One thing that really bugs me about Call of Duty recently is the amount of near death experiences.

A bad narrative does not break the narrative of the game overall, it simply reminds you that you are playing a game for a split second, after that you then drawn back in. One thing that really bugs me about Call of Duty recently is the amount of near death experiences. It was a novel thing to start with, however it did get tiresome after the rehash of the same ideas in every game. Most of them are so unrealistic, they take you out of the game. In Call of Duty: Modern Warfare 2, during the finale, you get stabbed through the chest. However your character appears not to care, simply pulling the knife out, casually spinning it in his hand, and throwing it with the accuracy and strength of a perfectly healthy man, the knife flies through the air and kills General Shepherd hitting him square in the left eye. It is just simply to far out of reality, and the games fiction. You can take 100s of bullets during gameplay, but one stab or gun shot during a cutscene instantly stops you doing anything until the vital moment.

A perfect throw after pulling a knife out of your chest? I think not.

The story is going so well...suspense and adrenaline are running high then...

The story is getting better, everything is advancing at the perfect pace, the writing is on point, you love all the characters on your side and hate but respect the ones you are fighting. The story is going so well, you feel it reaching the mid section crescendo and you look for the plot twist. Thinking back through each characters backstory trying to spot who will do something stupid or turn on you. The game then reaches the exciting mid section crescendo, suspense and adrenaline are running high then...

Everyone is dead and you win.

Don't you just hate that?


I find a good story often has plot twists which do something the wrong way round, they remove interesting and complex characters, and replace them with less interesting and more simplistic characters. Neither character is badly written or voice acted, and both are understandable or relatable. However due to the first character just being so good it leaves the second feeling bland. This happened in Far Cry 3, with Vaas being replaced by Hoyt Volker. If Far Cry 3 had done this the other way round, it would be under the next heading.

Vaas on the left, Hoyt on the right.

Another really good trick that writers use on you is the old bait and switch. You get really invested into one specific character who is your friend, you trust them and they are privy to sensitive information. Then suddenly they turn on you, turns out the whole time they were lying, of course the best writing leaves clues about their intentions, but does not explicitly tell you they are secretly working against you untill a pivotal moment.
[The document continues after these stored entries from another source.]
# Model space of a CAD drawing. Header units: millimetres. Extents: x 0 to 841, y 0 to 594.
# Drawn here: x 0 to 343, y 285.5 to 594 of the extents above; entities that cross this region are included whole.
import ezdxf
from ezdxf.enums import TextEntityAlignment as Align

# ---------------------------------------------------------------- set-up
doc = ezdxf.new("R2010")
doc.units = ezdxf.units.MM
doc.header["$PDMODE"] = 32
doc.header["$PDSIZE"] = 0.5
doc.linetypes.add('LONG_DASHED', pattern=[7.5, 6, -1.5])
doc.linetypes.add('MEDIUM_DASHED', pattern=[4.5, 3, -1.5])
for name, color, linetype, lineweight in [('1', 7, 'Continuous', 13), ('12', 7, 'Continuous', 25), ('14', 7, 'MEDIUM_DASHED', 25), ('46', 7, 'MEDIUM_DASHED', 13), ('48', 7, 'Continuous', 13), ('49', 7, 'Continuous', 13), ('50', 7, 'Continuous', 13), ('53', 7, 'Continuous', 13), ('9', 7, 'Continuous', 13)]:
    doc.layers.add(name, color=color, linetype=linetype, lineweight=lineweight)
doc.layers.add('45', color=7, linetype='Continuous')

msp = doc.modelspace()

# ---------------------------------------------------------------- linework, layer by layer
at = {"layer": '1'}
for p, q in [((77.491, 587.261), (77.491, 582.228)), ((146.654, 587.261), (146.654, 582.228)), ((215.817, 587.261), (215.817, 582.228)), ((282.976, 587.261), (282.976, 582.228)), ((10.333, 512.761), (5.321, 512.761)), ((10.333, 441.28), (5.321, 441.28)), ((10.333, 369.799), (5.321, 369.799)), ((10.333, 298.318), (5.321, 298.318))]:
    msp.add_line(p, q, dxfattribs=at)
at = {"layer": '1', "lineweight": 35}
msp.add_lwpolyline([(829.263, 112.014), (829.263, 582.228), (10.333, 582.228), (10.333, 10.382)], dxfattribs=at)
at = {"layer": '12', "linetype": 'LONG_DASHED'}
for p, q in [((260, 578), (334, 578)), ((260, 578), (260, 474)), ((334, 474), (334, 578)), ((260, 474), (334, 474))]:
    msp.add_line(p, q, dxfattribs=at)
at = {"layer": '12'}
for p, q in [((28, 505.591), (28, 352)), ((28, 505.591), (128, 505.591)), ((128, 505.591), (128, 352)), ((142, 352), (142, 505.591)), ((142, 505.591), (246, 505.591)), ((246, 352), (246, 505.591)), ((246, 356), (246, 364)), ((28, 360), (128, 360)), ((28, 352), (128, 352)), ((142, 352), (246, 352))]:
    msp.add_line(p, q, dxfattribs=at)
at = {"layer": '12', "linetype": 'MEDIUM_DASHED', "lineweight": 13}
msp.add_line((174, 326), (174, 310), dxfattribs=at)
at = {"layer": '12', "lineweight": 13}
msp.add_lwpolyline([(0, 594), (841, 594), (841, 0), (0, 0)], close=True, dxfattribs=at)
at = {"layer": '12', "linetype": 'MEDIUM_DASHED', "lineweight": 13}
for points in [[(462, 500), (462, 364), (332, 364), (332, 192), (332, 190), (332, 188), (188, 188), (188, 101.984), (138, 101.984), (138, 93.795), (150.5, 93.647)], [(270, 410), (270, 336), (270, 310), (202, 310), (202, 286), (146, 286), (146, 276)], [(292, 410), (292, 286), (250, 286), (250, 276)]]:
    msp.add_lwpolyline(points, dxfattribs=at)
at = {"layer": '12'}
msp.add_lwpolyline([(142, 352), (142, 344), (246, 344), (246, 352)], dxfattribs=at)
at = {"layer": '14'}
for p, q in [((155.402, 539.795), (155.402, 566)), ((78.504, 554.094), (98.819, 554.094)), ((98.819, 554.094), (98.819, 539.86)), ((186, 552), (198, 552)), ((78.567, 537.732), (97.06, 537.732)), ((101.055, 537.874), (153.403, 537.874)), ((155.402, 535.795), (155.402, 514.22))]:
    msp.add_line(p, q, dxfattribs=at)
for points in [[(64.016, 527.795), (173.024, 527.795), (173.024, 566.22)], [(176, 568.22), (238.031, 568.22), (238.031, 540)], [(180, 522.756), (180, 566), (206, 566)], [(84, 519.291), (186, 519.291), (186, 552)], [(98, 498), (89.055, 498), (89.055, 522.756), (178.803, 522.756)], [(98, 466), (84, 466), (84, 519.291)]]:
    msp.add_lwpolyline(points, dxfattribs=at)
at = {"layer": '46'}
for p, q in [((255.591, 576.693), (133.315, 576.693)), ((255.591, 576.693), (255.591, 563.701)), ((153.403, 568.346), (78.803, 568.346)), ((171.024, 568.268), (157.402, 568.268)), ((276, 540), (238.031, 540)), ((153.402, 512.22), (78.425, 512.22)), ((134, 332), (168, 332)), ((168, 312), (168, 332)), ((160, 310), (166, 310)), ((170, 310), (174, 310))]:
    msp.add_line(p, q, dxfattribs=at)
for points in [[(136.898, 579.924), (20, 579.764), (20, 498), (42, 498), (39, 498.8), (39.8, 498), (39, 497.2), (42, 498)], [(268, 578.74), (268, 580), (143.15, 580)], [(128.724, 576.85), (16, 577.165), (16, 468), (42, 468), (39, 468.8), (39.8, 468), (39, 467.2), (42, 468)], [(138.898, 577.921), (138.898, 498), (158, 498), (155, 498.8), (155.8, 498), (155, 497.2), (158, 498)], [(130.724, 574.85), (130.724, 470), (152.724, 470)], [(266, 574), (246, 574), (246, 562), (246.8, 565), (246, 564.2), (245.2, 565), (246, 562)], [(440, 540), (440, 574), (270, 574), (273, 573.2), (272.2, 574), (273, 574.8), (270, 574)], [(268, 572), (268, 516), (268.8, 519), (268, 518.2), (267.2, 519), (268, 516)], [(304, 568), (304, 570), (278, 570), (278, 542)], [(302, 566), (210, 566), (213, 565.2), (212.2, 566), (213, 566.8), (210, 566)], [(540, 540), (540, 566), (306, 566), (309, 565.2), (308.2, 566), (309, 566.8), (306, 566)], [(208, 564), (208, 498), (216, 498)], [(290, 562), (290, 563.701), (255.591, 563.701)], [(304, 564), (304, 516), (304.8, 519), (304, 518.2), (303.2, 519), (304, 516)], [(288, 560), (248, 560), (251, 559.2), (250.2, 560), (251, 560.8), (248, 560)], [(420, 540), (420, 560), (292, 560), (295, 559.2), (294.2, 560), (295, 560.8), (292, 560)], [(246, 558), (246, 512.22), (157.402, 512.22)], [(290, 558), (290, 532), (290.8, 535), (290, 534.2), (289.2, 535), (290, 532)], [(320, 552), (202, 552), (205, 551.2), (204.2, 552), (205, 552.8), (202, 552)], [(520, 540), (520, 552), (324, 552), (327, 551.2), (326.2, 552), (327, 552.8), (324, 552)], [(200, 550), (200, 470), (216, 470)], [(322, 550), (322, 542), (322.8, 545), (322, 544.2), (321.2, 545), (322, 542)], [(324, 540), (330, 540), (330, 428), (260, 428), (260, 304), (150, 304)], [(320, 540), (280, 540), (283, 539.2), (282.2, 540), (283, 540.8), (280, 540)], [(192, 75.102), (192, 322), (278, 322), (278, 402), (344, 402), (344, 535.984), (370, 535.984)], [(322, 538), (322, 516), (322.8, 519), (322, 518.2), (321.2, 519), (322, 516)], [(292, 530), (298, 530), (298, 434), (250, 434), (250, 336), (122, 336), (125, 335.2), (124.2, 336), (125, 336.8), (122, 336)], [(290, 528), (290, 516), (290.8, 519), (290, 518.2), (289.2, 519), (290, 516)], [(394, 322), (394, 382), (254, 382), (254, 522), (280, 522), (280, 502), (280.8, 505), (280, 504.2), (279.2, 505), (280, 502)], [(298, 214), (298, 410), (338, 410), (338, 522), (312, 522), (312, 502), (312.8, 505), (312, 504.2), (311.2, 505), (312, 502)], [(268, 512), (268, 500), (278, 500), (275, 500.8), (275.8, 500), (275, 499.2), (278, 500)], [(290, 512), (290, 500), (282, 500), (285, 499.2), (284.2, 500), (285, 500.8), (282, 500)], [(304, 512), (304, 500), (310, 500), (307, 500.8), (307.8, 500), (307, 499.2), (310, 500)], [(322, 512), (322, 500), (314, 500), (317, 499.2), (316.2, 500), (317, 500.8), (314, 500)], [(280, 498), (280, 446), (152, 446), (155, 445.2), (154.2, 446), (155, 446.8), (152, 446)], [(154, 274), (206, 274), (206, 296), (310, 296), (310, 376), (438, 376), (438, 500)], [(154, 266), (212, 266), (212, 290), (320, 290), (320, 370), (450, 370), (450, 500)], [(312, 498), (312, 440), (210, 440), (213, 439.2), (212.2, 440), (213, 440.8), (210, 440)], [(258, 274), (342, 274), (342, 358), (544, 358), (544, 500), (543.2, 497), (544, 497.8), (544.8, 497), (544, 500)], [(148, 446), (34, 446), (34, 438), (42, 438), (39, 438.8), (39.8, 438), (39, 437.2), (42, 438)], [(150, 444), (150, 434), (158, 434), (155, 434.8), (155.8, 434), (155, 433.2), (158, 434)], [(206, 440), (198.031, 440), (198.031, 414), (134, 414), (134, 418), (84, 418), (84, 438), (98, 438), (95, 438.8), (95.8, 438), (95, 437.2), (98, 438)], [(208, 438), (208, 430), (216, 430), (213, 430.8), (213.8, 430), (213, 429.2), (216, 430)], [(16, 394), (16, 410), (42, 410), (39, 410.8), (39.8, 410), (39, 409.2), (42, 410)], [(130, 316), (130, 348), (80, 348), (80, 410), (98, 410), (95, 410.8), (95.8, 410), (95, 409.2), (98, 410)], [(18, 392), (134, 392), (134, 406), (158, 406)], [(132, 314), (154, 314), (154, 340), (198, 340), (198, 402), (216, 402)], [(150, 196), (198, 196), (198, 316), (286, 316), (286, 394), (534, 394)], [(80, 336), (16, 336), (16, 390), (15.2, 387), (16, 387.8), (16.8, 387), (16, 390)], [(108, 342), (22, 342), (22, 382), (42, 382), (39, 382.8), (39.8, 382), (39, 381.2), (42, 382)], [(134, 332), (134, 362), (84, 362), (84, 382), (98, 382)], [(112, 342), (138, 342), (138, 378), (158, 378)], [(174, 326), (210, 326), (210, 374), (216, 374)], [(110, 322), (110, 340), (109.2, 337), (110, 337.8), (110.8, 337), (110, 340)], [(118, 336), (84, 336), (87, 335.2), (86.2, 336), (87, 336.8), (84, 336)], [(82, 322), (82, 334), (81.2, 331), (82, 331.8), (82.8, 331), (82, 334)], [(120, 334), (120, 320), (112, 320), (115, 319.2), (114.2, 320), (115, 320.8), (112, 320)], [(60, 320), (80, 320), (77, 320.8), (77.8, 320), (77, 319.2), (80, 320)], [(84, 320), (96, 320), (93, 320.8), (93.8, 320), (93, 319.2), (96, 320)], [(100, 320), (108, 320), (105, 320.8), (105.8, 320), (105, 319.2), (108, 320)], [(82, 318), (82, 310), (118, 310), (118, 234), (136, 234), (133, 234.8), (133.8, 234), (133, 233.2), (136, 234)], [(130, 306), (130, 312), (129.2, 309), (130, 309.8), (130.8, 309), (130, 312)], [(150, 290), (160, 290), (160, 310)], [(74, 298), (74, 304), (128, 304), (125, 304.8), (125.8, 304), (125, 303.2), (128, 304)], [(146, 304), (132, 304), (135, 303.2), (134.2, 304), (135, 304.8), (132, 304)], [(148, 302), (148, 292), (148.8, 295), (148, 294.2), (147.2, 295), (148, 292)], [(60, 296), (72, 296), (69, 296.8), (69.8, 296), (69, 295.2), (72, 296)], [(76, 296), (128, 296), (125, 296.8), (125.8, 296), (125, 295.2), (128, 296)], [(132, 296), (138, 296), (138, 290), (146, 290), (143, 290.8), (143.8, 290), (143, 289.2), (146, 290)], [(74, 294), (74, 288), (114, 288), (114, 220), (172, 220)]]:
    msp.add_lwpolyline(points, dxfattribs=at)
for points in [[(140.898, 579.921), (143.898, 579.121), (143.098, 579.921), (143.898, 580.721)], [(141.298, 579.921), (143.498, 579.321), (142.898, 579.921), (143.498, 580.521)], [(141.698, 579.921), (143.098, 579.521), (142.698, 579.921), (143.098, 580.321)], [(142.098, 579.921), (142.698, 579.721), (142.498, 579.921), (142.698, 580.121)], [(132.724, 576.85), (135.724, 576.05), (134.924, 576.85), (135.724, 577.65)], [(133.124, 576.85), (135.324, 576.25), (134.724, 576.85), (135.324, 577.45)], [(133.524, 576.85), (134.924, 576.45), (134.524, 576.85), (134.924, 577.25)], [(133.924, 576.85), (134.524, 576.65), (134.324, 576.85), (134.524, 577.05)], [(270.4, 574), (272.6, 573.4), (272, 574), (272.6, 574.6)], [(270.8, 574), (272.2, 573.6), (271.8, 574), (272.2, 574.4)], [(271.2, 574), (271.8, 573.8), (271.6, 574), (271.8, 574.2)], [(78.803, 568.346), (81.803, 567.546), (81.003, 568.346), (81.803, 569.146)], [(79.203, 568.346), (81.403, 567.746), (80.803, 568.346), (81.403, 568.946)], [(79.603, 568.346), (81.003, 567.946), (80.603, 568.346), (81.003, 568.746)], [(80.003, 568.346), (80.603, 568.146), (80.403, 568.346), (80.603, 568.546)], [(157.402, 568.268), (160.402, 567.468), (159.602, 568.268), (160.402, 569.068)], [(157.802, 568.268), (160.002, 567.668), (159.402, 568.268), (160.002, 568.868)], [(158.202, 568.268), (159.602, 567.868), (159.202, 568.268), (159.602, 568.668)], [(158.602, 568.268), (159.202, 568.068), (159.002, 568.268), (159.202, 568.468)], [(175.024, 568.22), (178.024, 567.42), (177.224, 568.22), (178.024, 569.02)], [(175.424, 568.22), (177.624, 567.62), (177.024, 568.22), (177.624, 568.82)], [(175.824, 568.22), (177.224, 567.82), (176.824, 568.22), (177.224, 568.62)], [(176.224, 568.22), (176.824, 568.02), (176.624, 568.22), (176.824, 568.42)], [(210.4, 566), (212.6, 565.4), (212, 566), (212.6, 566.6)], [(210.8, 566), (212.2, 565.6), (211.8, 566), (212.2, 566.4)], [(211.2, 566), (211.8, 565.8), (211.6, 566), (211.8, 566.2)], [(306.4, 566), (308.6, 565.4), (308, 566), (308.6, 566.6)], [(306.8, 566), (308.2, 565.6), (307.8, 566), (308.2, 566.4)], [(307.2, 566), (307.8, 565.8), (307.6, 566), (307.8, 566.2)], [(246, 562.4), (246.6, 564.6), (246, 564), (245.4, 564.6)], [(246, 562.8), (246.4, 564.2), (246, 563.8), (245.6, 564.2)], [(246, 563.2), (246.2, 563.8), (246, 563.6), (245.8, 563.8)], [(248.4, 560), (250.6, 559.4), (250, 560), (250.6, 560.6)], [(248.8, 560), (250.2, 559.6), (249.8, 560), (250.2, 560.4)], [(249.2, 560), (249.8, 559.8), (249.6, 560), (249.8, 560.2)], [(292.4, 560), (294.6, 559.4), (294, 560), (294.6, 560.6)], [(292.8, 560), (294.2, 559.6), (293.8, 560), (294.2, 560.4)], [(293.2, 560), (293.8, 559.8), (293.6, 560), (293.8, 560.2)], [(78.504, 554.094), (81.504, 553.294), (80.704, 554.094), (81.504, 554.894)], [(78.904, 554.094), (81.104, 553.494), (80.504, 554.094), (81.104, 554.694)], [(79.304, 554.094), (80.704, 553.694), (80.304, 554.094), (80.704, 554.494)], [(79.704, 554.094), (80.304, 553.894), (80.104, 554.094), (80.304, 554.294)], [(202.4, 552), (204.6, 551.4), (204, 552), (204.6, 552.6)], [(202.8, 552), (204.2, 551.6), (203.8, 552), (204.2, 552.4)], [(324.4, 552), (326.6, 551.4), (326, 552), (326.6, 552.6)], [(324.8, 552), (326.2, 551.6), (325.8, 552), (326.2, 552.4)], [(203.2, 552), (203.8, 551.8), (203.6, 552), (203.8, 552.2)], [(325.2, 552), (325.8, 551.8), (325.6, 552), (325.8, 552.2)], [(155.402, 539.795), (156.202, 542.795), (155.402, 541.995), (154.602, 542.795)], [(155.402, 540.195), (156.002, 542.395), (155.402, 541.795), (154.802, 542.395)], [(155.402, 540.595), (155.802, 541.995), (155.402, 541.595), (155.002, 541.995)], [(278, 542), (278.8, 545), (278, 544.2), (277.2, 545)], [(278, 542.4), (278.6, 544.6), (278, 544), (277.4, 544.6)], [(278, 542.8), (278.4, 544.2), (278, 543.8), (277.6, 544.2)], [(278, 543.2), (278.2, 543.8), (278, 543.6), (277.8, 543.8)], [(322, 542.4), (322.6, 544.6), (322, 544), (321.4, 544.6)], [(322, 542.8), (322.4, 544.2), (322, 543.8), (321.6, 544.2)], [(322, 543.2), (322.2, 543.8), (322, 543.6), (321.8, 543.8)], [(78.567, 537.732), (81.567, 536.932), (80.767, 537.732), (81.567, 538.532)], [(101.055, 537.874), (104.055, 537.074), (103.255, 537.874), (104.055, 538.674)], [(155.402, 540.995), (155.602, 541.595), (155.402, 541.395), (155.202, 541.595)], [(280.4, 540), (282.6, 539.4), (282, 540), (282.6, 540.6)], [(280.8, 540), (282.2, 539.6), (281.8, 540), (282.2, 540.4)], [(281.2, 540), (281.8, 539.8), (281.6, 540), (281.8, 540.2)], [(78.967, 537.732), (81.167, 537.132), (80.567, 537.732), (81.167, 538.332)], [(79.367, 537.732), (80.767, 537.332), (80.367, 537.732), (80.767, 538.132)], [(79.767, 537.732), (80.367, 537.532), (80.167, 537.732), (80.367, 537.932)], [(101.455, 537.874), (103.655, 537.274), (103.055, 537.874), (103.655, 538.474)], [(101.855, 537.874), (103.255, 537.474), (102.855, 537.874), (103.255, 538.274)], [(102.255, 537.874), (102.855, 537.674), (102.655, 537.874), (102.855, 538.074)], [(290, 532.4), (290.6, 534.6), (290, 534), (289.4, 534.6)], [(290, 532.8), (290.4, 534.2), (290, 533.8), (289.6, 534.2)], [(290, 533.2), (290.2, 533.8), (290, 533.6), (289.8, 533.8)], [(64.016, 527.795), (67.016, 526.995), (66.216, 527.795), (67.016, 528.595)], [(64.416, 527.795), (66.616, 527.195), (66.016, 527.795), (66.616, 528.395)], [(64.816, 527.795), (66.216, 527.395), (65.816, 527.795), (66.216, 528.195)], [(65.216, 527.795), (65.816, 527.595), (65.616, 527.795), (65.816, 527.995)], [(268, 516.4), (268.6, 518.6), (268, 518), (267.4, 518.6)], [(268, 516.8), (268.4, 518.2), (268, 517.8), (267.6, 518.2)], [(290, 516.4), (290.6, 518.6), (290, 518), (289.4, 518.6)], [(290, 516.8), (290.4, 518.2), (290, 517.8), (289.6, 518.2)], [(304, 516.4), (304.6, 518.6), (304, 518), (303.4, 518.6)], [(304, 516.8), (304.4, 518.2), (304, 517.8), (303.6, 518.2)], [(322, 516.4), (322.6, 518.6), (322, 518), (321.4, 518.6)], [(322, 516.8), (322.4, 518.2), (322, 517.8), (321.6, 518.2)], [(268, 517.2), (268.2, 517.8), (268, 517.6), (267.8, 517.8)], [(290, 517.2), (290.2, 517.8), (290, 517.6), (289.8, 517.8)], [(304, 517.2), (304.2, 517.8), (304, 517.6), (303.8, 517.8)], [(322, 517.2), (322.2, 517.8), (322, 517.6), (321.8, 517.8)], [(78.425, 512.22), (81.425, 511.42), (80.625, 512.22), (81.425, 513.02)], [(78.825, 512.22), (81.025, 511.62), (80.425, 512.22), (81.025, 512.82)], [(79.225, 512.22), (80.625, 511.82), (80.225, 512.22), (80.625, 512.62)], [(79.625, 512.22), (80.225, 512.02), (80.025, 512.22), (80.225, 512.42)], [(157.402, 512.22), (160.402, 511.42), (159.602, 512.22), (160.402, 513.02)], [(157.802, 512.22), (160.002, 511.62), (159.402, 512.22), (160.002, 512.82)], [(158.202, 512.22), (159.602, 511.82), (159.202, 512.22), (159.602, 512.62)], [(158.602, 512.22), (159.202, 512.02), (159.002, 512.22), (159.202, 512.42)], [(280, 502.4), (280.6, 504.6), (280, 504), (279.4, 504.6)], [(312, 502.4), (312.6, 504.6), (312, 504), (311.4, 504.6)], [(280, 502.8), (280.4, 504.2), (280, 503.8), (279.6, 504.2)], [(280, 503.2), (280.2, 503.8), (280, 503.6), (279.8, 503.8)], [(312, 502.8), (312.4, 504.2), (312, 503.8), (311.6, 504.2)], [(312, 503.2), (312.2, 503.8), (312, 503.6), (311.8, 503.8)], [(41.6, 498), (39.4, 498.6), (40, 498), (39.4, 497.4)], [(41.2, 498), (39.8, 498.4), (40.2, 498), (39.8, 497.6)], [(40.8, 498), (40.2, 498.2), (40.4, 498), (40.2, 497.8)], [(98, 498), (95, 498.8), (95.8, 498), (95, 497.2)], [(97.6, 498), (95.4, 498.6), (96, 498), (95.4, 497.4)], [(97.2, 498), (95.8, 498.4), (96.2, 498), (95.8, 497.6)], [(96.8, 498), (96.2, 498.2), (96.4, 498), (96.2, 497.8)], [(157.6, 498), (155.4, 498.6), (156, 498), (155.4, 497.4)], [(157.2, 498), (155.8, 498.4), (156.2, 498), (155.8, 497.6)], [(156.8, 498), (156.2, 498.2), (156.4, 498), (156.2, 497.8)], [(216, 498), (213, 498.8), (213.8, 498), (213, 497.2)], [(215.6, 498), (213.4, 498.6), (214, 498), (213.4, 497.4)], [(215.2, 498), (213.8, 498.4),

Decision making like this is what games...are pefect for...

Let's now look at the very best narrative games can offer. Not only can games give you the ability to meet engaging characters, who are not just black and white but morally grey. Games can allow you to become this character, to take on the hard decisions they will have to face, Telltale's The Walking Dead is a perfect example of this. Every decision you make you dread, you know that neither is 'good' or 'bad'. They are snap decisions which will always have bad consequences. Decision making like this is what games are best at doing, they are perfect for it and with writing as strong as in The Walking Dead you can really see why.

Who lives and who dies? You pick. Not easy right?

...when wielded well it can create some amazing and powerful moments.

Empathy, the ability to understand or share the emotion someone else is experiencing. It's powerful stuff, when you can make a character the player can empathise with, the feeling of loss, betrayal, anger, sympathy or compassion can then all be projected onto the player, sometimes all at once. Making you, as the player, care about a character will get you invested into the story, then if that character dies (if they take a supporting role) you will feel loss, and maybe anger, then want avenge your fallen comrade. It can also be used on the player character in much the same way. Empathy is a powerful tool, and when wielded well it can create some amazing and powerful moments.

Have you every wondered what makes or breaks a game's narrative? Let me know your thoughts in the comments bellow.

Games That Utilize Rain For Thrilling Moments https://www.gameskinny.com/vku6t/games-that-utilize-rain-for-thrilling-moments https://www.gameskinny.com/vku6t/games-that-utilize-rain-for-thrilling-moments Mon, 31 Mar 2014 16:07:06 -0400 Xavier's


Heavy Rain


How could I forget a game with rain in its name? Jokes aside, this experimental title really explored very mature themes of loss, mourning, and a variety of other negative emotions. A brilliant work of fiction, nothing provoked more feelings of duress and turmoil than its frequent rain segments, illustrating the horrors of the Origami Killer and his impact on the helpless victims.


Really exemplifying what can happen when a narrative goes insanely dark, Heavy Rain truly utilizes its rain elements to propel a unique rollercoaster ride of betrayal and grief. 


Pokémon: The Whole Franchise


A legendary franchise which came to power on the small Gameboy, Pokémon has entertained countless people with its brilliant RPG elements and enticing fantasy world.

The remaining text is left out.